Leurs prières ont apparemment été entendues puisque Sunac a repris le chantier suite à l’intervention du gouvernement local. Le groupe immobilier fait également partie de la liste blanche des 50 promoteurs qui vont voir leur accès aux financements facilité sur décision de Pékin. Liang Liang et Li Jun pourront finalement s’installer dans leur appartement dans un avenir proche. Une nouvelle qui les a poussés à rester à Zhengzhou malgré tout et à se lancer dans l’entreprenariat.

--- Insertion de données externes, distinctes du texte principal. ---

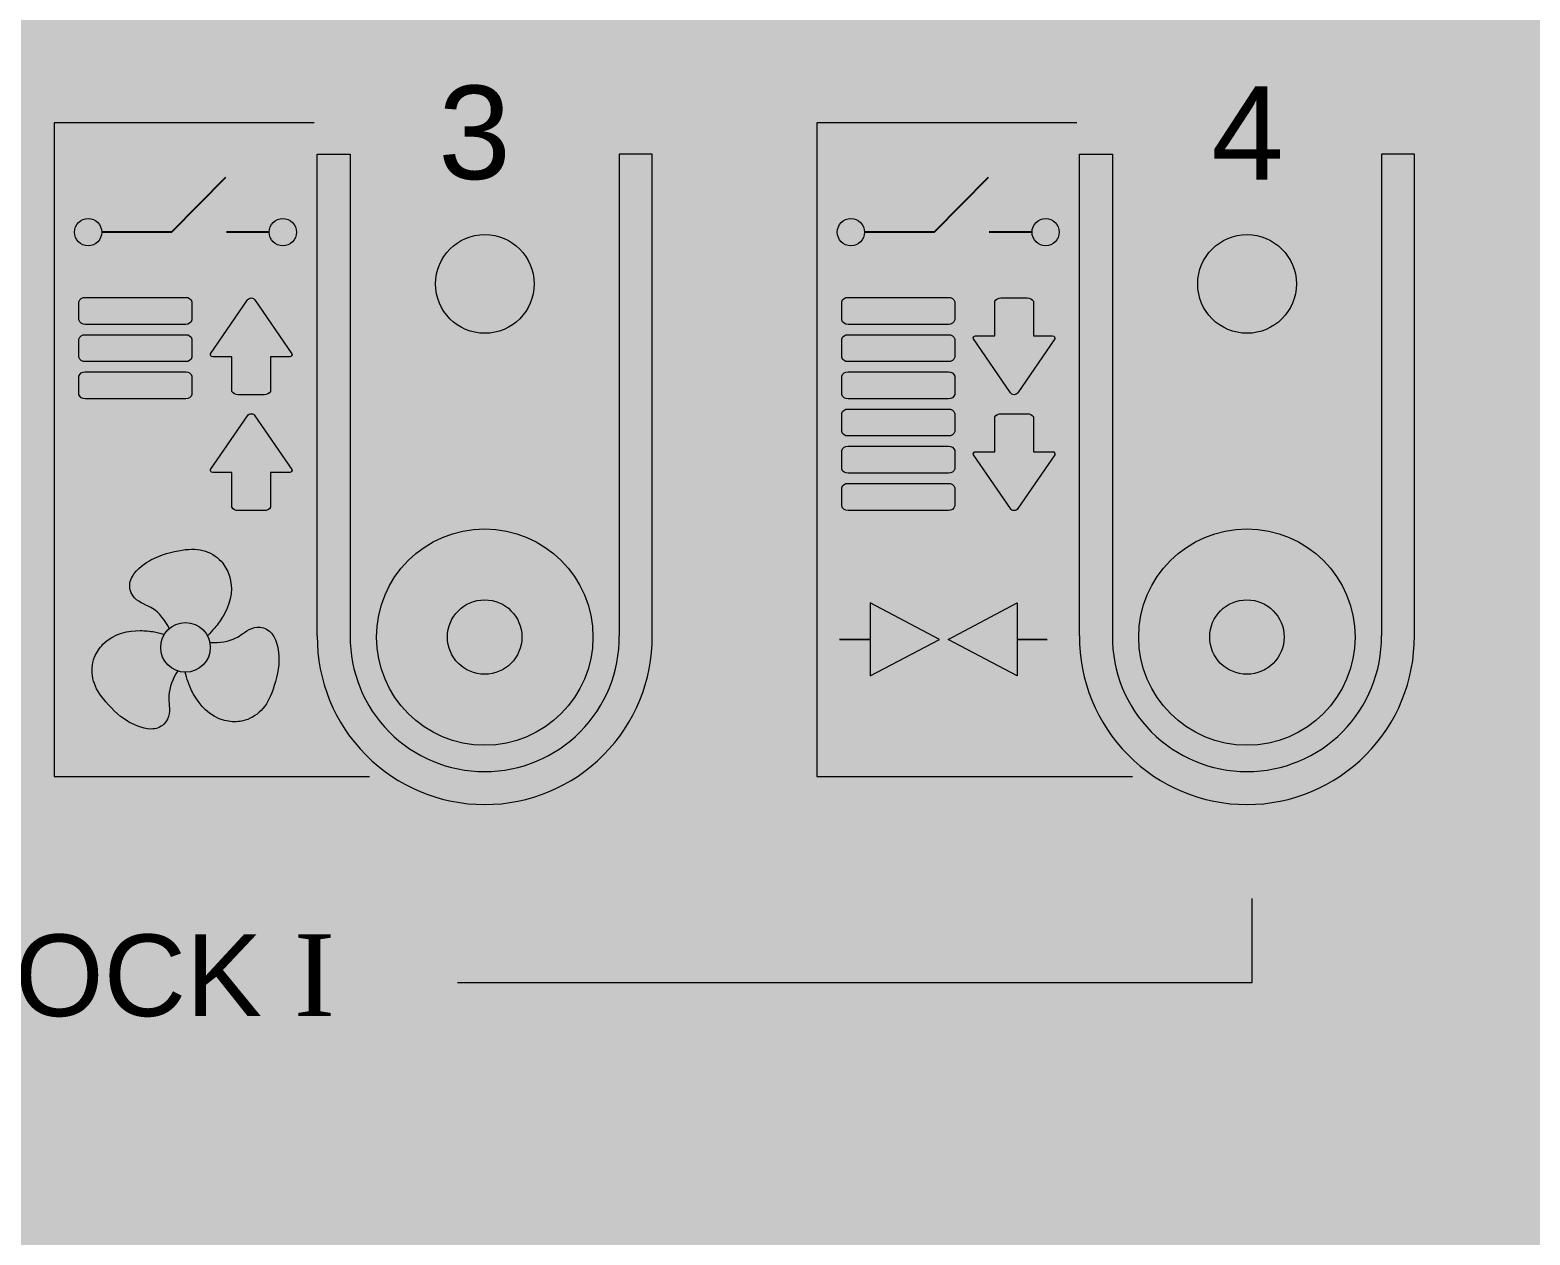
# Model space of a CAD drawing. Header units: millimetres. Extents: x 27500 to 33280, y -10980 to 420.
# Drawn here: x 27986.65 to 28014.18, y 190 to 212.12 of the extents above; entities that cross this region are included whole.
import ezdxf
from ezdxf.enums import TextEntityAlignment as Align

# ---------------------------------------------------------------- set-up
doc = ezdxf.new("R2010")
doc.units = ezdxf.units.MM
doc.layers.add('SX_ZEN_BODY', color=7, linetype='Continuous', true_color=0xefefeb)
doc.layers.add('SX_ZEN_KNX_BLACK', color=7, linetype='Continuous', true_color=0x2b2e31)
doc.styles.get("Standard").update_dxf_attribs({"font": 'arial.ttf'})
doc.styles.add('SX_ZIOMB16V3_Arial', font='arial.ttf')
doc.styles.add('SX_ZIOMB16V3_Arial_Rounded', font='txt')

# ---------------------------------------------------------------- blocks, each defined once
blk = doc.blocks.new('SX_DYN_ZENNIO_G005')
at = {"true_color": 0x2f3236}
h = blk.add_hatch(color=250, dxfattribs=at)
h.dxf.hatch_style = 1
h.paths.add_polyline_path([(32.9620367979212, 18.40818992970688, 1), (32.4620367979212, 18.40818992970688, 1)])
h = blk.add_hatch(color=250, dxfattribs=at)
h.dxf.hatch_style = 1
h.paths.add_polyline_path([(36.53574656078877, 18.40818992970688, 1), (36.03574656078877, 18.40818992970688, 1)])
h = blk.add_hatch(color=250, dxfattribs=at)
h.dxf.hatch_style = 1
h.paths.add_polyline_path([(46.9639917723614, 18.40818992970688, 1), (46.4639917723614, 18.40818992970688, 1)])
h = blk.add_hatch(color=250, dxfattribs=at)
h.dxf.hatch_style = 1
h.paths.add_polyline_path([(50.53770153522895, 18.40818992970688, 1), (50.03770153522895, 18.40818992970688, 1)])
h = blk.add_hatch(color=250, dxfattribs=at)
h.dxf.hatch_style = 1
h.paths.add_polyline_path([(34.61844445814336, 17.12949694241141, 0.3758706826029272), (34.50335218706801, 17.20982113797325), (32.65894976431241, 17.20981166910204), (32.65894976431241, 17.20982115151199, 0.3754197289689309), (32.54389804653624, 17.12966041313828), (32.54389804653624, 16.79707258868782, 0.37541972896893), (32.65894976431241, 16.71691185031412), (34.50335217983115, 16.71691183677538, 0.3754197289689313), (34.61840389878422, 16.79707257346015)])
h = blk.add_hatch(color=250, dxfattribs=at)
h.dxf.hatch_style = 1
h.paths.add_polyline_path([(36.49119258494375, 16.12227904863519), (36.060816751218, 16.12227904863519), (36.060816751218, 15.42375544579752), (35.70671062883116, 15.42375544579752), (35.35260450644432, 15.42375544579752), (35.35260450644432, 16.12227904863519), (34.92222867271857, 16.12227904863519), (35.70671062883116, 17.26255567075876)])
h = blk.add_hatch(color=250, dxfattribs=at)
h.dxf.hatch_style = 1
h.paths.add_polyline_path([(48.62039943258356, 17.12949694241141, 0.3758706826029284), (48.50530716150821, 17.20982113797325), (46.66090473875261, 17.20981166910204), (46.66090473875261, 17.20982115151199, 0.3754197289689309), (46.54585302097642, 17.12966041313828), (46.54585302097642, 16.79707258868782, 0.3754197289689291), (46.66090473875261, 16.71691185031412), (48.50530715427136, 16.71691183677538, 0.3754197289689312), (48.6203588732244, 16.79707257346015)])
h = blk.add_hatch(color=250, dxfattribs=at)
h.dxf.hatch_style = 1
h.paths.add_polyline_path([(48.92418364714467, 16.50427330059008), (49.35455948087042, 16.50427330059008), (49.35455948087042, 17.20279690342775), (49.70866560325724, 17.20279690342775), (50.06277172564409, 17.20279690342775), (50.06277172564409, 16.50427330059008), (50.49314755936983, 16.50427330059008), (49.70866560325724, 15.36399667846652)])
h = blk.add_hatch(color=250, dxfattribs=at)
h.dxf.hatch_style = 1
h.paths.add_polyline_path([(34.61844445132169, 16.44666532241879, 0.3758706826029272), (34.50335218024634, 16.52698951798064), (32.65894975749077, 16.52698004910942), (32.65894975749077, 16.52698953151937, 0.3754197289689311), (32.54389803971458, 16.44682879314567), (32.54389803971458, 16.11424096869521, 0.3754197289689291), (32.65894975749077, 16.03408023032151), (34.50335217300949, 16.03408021678277, 0.3754197289689312), (34.61840389196254, 16.11424095346754)])
h = blk.add_hatch(color=250, dxfattribs=at)
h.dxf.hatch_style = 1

Néanmoins, cette « fin heureuse » a suscité le scepticisme des internautes, soupçonnant une intervention des autorités pour refaçonner le narratif du couple et ainsi sauver l’image de Zhengzhou, déjà écornée par des inondations gérées de manière désastreuse en 2021, puis par des manifestations d’épargnants lésés en 2022. « J’aurais dû moi aussi faire sensation sur internet, mon T4 me serait peut-être enfin livré », ironise un internaute. Car effectivement, le cas de Liang Liang et Li Jun est loin d’être isolé : des dizaines, voire centaines de milliers d’acquéreurs attendent encore que leur promoteur leur livre leur appartement. Une menace pour la stabilité sociale, aux yeux de Pékin. Voilà pourquoi le gouvernement suit la situation des promoteurs comme le lait sur le feu, le secteur immobilier et de la construction représentant encore hier un tiers du PIB chinois.
Même si la plupart des internautes ont exprimé de la sympathie envers le couple, d’autres remettent en question leurs choix de vie de « risqués et imprudents », voire vont jusqu’à affirmer que toute cette situation est de leur faute.
Bien sûr, les mésaventures de Liang Liang et Li Jun soulèvent de nombreuses questions : celle de la réglementation encadrant la vente sur plan, du surendettement des ménages et plus largement, des dangers que représente la bulle immobilière chinoise (le ratio prix du logement sur revenus annuels étant beaucoup trop élevé dans de nombreuses villes).
Plus fondamentalement, le fait que ces jeunes, autrefois confiants dans l’avenir, se retrouvent aujourd’hui désabusés, constitue un problème socio-économique encore plus sérieux que la crise immobilière, ou du moins, plus complexe à résoudre.